NEW YORK (GenomeWeb) – A new Nature Medicine study is highlighting the genetic heterogeneity of autism spectrum disorder, even between ASD-affected children from the same family.

An international team led by investigators at the Hospital for Sick Children in Toronto and the University of Toronto scrutinized genome sequence data for more than seven-dozen families comprised of two ASD-affected children and their parents — a search that unearthed known ASD-related glitches in just over 42 percent of families.

When they considered rare or de novo variant patterns within each family, the researchers found the same ASD-associated variants in just over one-third of the sibling pairs. On the other hand, nearly 70 percent of children with ASD carried risk variants that were different than those found in their affected siblings.

"We believe that each child with autism is like a snowflake — unique from the other," the study's senior author Stephen Scherer, director of the Hospital for Sick Children's Centre for Applied Genomics and the University of Toronto's McLaughlin Centre, said in a statement.

"This means we should not be looking just for suspected autism-risk genes, as is typically done in diagnostic genetic testing," Scherer argued. "A full assessment of each individual's genome is needed to determine how to best use knowledge of genetic factors in personalized autism treatment."

Although past studies have incriminated high penetrance de novo mutations as the ASD culprits in families with just one affected child, the researchers explained, it was suspected that siblings with ASD might share inherited risk factors for the condition.

To investigate that possibility further, Scherer and colleagues considered 85 quartets — each comprised of two siblings with ASD and two unaffected parents — as part of an Autism Speaks effort called MSSNG. The families included 139 male and 31 female children with the condition.

The team did whole-genome sequencing on the 340 members of the quartets with Complete Genomics to produce genomes sequenced to average depths of 20-fold coverage across roughly 96 percent of the protein-coding exome sequences.

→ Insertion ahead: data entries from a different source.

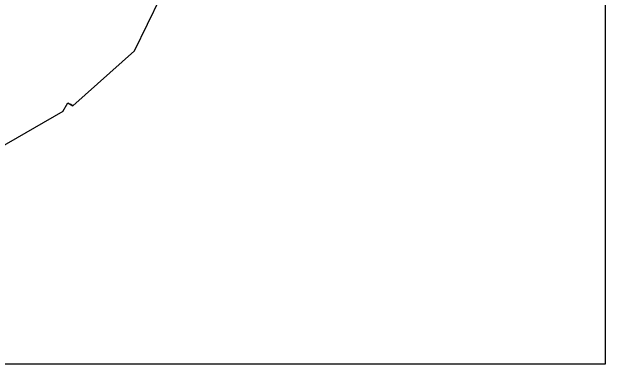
# Model space of a CAD drawing. Header units: inches. Extents: x -3.7 to 11.6, y -13.5 to 0.3.
# Drawn here: x 6.43 to 11.64, y -13.53 to -10.43 of the extents above; entities that cross this region are included whole.
import ezdxf

# ---------------------------------------------------------------- set-up
doc = ezdxf.new("R2010")
doc.units = ezdxf.units.IN
doc.header["$LTSCALE"] = 0.5
doc.header["$MEASUREMENT"] = 0
doc.layers.add('Brackets', color=181, linetype='CONTINUOUS')
doc.layers.add('Text-Unprinted', color=131, linetype='CONTINUOUS', plot=False)

msp = doc.modelspace()

# ---------------------------------------------------------------- linework, layer by layer
at = {"layer": 'Brackets', "transparency": 16777216}
for p, q in [((7.5103, -10.7763), (7.8518, -10.0652)), ((7.5103, -10.7763), (6.968, -11.2572)), ((6.8803, -11.3078), (6.9241, -11.2319)), ((6.9241, -11.2319), (6.968, -11.2572)), ((6.9241, -11.2319), (6.9426, -11.2426)), ((6.968, -11.2572), (6.9426, -11.2426)), ((6.8803, -11.3078), (5.9073, -11.8695))]:
    msp.add_line(p, q, dxfattribs=at)
at = {"layer": 'Text-Unprinted', "ltscale": 0.5, "transparency": 16777216}
msp.add_lwpolyline([(0, 0), (11.6437, 0), (11.6437, -13.5292), (0, -13.5292)], close=True, dxfattribs=at)

doc.saveas('drawing.dxf')
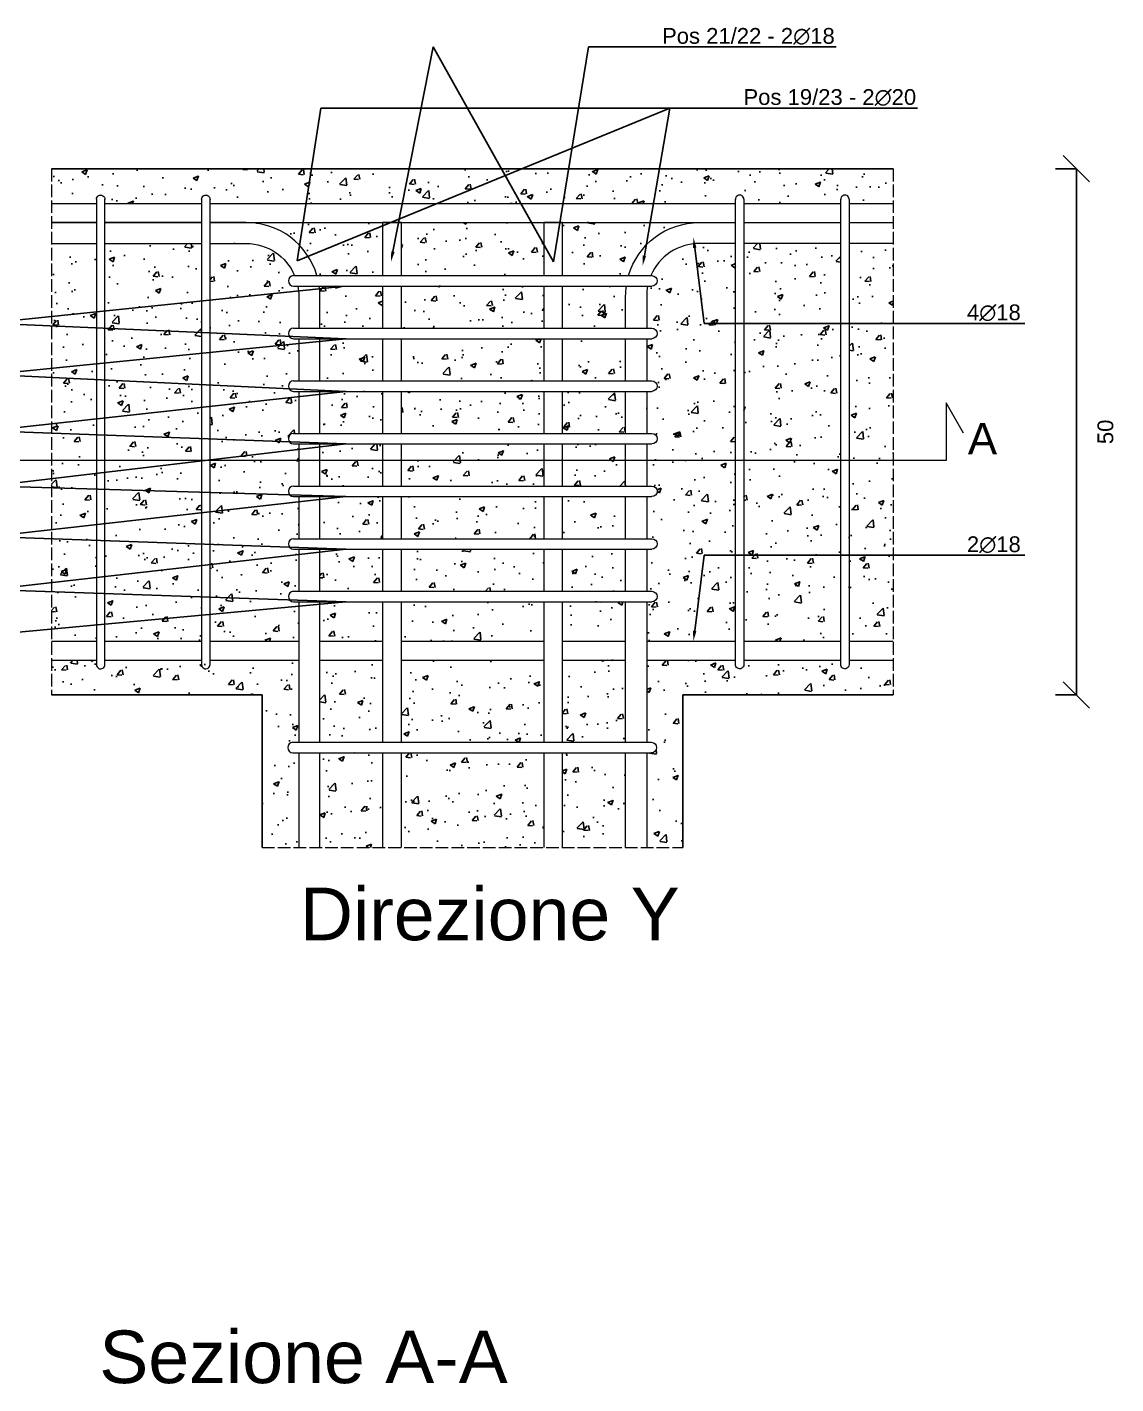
# Model space of a CAD drawing. Header units: millimetres. Extents: x -455371 to 117772, y -78417 to 116564.
# Drawn here: x -236752 to -235717, y 115198 to 116487 of the extents above; entities that cross this region are included whole.
import ezdxf
from ezdxf import colors
from ezdxf.entities.mleader import LeaderData, LeaderLine
from ezdxf.math import Vec2, Vec3

# ---------------------------------------------------------------- set-up
doc = ezdxf.new("R2010")
doc.units = ezdxf.units.MM
doc.linetypes.add('ACAD_ISO02W100', pattern=[15, 12, -3])
doc.layers.get('0').update_dxf_attribs({"color": 255})
for name, color, linetype, lineweight in [('armature', 5, 'Continuous', 18), ('Cls', 7, 'Continuous', 25), ('quote', 5, 'Continuous', 15), ('RETINO ARMATURE', 253, 'Continuous', 15), ('Scritte', 7, 'Continuous', 15), ('staffe', 10, 'Continuous', 15), ('tratteggio 1 a 50', 230, 'ACAD_ISO02W100', 15)]:
    doc.layers.add(name, color=color, linetype=linetype, lineweight=lineweight)
doc.layers.add('RETINI', color=253, linetype='Continuous')
doc.styles.get("Standard").update_dxf_attribs({"font": 'arial.ttf'})
doc.dimstyles.new('scala 1 a 10', dxfattribs={"dimtxt": 15, "dimasz": 25, "dimexe": 0.183, "dimexo": 0.1, "dimgap": 20, "dimtad": 2, "dimdec": 0, "dimlfac": 0.1, "dimzin": 0, "dimdsep": 46, "dimtxsty": 'Standard', "dimblk": 'OBLIQUE', "dimcen": -25, "dimadec": 0, "dimazin": 0, "dimtfac": 1, "dimtdec": 0, "dimtofl": 0, "dimtmove": 0, "dimatfit": 3, "dimfxl": 20, "dimfxlon": 1, "dimtolj": 1, "dimtzin": 0, "dimarcsym": 0})
pattern_1 = [(50, (95813.63, 0), (52.833554, -4.622335), [5.5245, -60.7695]), (355, (95813.63, 0), (-10.220592, 55.406485), [4.4196, -48.6157694]), (100.451445, (95818.035, -0.385), (42.612962, 50.784148), [4.6951026, -51.646171]), (46.1842, (95813.63, 14.73), (78.612922, -12.192275), [8.28675, -91.15425]), (96.635558, (95820.18, 13.716), (68.847199, 71.753576), [7.042657, -77.469326]), (351.18415, (95813.63, 14.73), (68.847199, 71.753576), [6.62939, -72.923322]), (21, (95821, 11.05), (43.9681735, -29.6569075), [5.5245, -60.7695]), (326, (95821, 11.05), (17.922588, 53.41451), [4.4196, -48.6156]), (71.451445, (95824.66, 8.58), (61.8907616, 23.757603), [4.6951026, -51.646082]), (37.5, (95813.632, 0), (0.8956949, 24.5209613), [0, -48.02632, 0, -49.3522, 0, -48.79975]), (7.5, (95813.632, 0), (19.3777021, 29.0523667), [0, -28.13812, 0, -46.92142, 0, -18.59915]), (327.5, (95797.206, 0), (39.3212726, -1.6613358), [0, -18.415, 0, -57.4548, 0, -76.2381]), (317.5, (95789.84, 0), (42.9574626, 7.3736824), [0, -23.9395, 0, -38.15588, 0, -54.1401])]

# ---------------------------------------------------------------- blocks, each defined once
blk = doc.blocks.new('*U3235')
at = {"layer": 'staffe'}
for points in [[(-170.3, 5, 1), (-170.3, -5), (170.3, -5)], [(-170.3, 5), (170.3, 5, -1), (170.3, -5)]]:
    blk.add_lwpolyline(points, format="xyb", dxfattribs=at)
blk = doc.blocks.new('*U3234')
at = {"layer": 'armature', "color": 0, "linetype": 'ByBlock', "lineweight": -2, "transparency": 16777216}
for p in [(0, 0), (0, -50), (0, -100), (0, -150), (0, -200), (0, -250), (0, -300)]:
    blk.add_blockref('*U3235', p, dxfattribs=at)
blk = doc.blocks.new('*U3244')
at = {"layer": 'staffe'}
blk.add_lwpolyline([(-4, -220.9), (-4, 221.1)], dxfattribs=at)
blk.add_lwpolyline([(4, 221.1), (4, -221.1, -1.019498), (-4, -220.9)], format="xyb", dxfattribs=at)
blk.add_arc((0, 221.1), 4, 0, 182.2127, dxfattribs=at)
blk = doc.blocks.new('*U3251')
at = {"layer": 'armature', "color": 0, "linetype": 'ByBlock', "lineweight": -2, "transparency": 16777216}
for p in [(0, 0), (100, 0)]:
    blk.add_blockref('*U3244', p, dxfattribs=at)
blk = doc.blocks.new('*U3252')
at = {"layer": 'staffe'}
blk.add_lwpolyline([(-4, -220.9), (-4, 221.1)], dxfattribs=at)
blk.add_lwpolyline([(4, 221.1), (4, -221.1, -1.019498), (-4, -220.9)], format="xyb", dxfattribs=at)
blk.add_arc((0, 221.1), 4, 0, 182.2127, dxfattribs=at)
blk = doc.blocks.new('*U3253')
at = {"layer": 'armature', "color": 0, "linetype": 'ByBlock', "lineweight": -2, "transparency": 16777216}
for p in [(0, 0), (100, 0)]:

When they began sorting through the spontaneous single nucleotide changes, small insertions and deletions, copy number variations, and so on, the researchers saw similar rates of such de novo alterations as described in past studies of ASD families with a single affected child.

All told, they found de novo or rare mutations associated with ASD in 36 of the families. Siblings shared the same rare ASD-related genetic glitch in 11 of those families, while the remaining cases seemed to stem from discordant mutations between affected siblings.

De novo mutations suspected of contributing to ASD were shared between nearly 19 percent of the siblings, with over half of those apparently stemming from the father's side.

Moreover, the analysis unearthed CNVs not found using an array-based approach, the study's authors explained, suggesting that widespread sequencing could help in untangling the genetic architecture of ASD in more detail than has been available previously.

Members of the team plan to assess at least 10,000 genomes from individuals with ASD as part of the ongoing MSSNG project.

Sequence data for around 1,000 of the de-identified ASD genomes are being released in tandem with the Nature Medicine study and will be openly available to other members of the research community through an Autism Speaks MSSNG Google Cloud platform. 

The move "marks the first time whole-genome sequences for autism will be available for research on the MSSNG open-science database," Scherer noted, calling it "an exemplar for a future when open-access genomics will lead to personalized treatments for many developmental and medical disorders."